EXERCISE INSTRUCTIONS - Among the entries below, find the lines with "about" and copy them.

——————

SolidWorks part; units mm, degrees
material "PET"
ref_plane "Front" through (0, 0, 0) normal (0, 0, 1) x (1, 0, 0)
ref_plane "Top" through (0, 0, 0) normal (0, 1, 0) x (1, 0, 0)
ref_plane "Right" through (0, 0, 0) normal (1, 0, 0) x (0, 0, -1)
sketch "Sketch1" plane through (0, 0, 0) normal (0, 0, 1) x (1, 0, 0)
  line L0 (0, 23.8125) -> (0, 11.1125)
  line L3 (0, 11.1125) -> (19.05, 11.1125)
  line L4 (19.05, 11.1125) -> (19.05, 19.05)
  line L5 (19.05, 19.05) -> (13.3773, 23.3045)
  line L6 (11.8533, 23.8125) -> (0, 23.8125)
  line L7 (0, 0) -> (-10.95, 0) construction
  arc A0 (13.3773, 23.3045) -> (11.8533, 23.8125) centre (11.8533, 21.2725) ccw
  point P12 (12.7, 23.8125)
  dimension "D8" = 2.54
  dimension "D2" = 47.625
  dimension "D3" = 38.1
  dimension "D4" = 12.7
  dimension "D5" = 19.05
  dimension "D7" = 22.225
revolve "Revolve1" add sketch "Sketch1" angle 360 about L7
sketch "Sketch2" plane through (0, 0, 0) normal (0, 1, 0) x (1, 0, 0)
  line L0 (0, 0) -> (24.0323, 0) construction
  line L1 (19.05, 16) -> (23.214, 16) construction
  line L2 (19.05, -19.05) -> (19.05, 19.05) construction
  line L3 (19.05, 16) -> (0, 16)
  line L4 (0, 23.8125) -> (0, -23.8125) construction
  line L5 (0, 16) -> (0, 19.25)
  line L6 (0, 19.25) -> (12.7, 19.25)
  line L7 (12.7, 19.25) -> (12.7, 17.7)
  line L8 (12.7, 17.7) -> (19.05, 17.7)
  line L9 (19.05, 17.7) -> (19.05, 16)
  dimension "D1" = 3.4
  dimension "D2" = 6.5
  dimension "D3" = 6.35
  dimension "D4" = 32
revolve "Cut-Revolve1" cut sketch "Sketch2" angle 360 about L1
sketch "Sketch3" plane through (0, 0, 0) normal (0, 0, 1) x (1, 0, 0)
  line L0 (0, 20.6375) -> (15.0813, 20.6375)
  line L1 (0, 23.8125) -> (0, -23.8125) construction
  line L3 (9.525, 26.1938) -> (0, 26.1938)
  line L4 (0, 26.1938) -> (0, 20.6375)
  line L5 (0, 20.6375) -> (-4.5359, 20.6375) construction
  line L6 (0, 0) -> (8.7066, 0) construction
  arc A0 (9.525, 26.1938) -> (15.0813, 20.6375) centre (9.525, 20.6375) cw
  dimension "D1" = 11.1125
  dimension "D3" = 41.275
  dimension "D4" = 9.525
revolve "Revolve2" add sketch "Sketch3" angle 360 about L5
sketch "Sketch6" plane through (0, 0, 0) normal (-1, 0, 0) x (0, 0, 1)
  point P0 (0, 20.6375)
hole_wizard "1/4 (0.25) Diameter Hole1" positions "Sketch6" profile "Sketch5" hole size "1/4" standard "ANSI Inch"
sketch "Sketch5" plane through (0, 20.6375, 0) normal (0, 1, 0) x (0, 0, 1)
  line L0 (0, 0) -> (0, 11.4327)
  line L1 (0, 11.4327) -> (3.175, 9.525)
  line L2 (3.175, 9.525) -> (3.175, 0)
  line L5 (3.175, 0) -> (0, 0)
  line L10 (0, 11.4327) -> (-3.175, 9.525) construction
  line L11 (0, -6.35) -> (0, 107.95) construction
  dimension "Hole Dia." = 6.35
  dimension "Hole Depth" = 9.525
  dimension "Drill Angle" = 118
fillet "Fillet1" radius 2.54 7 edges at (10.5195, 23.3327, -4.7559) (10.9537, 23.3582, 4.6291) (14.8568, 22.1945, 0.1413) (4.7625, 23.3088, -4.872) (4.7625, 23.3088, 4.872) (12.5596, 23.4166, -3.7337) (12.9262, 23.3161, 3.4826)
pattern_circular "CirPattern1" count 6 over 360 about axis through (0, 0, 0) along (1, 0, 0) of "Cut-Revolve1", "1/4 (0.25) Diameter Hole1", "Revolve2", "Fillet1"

——————

RESULT OF THE EXERCISE -
revolve "Revolve1" add sketch "Sketch1" angle 360 about L7
revolve "Cut-Revolve1" cut sketch "Sketch2" angle 360 about L1
revolve "Revolve2" add sketch "Sketch3" angle 360 about L5
pattern_circular "CirPattern1" count 6 over 360 about axis through (0, 0, 0) along (1, 0, 0) of "Cut-Revolve1", "1/4 (0.25) Diameter Hole1", "Revolve2", "Fillet1"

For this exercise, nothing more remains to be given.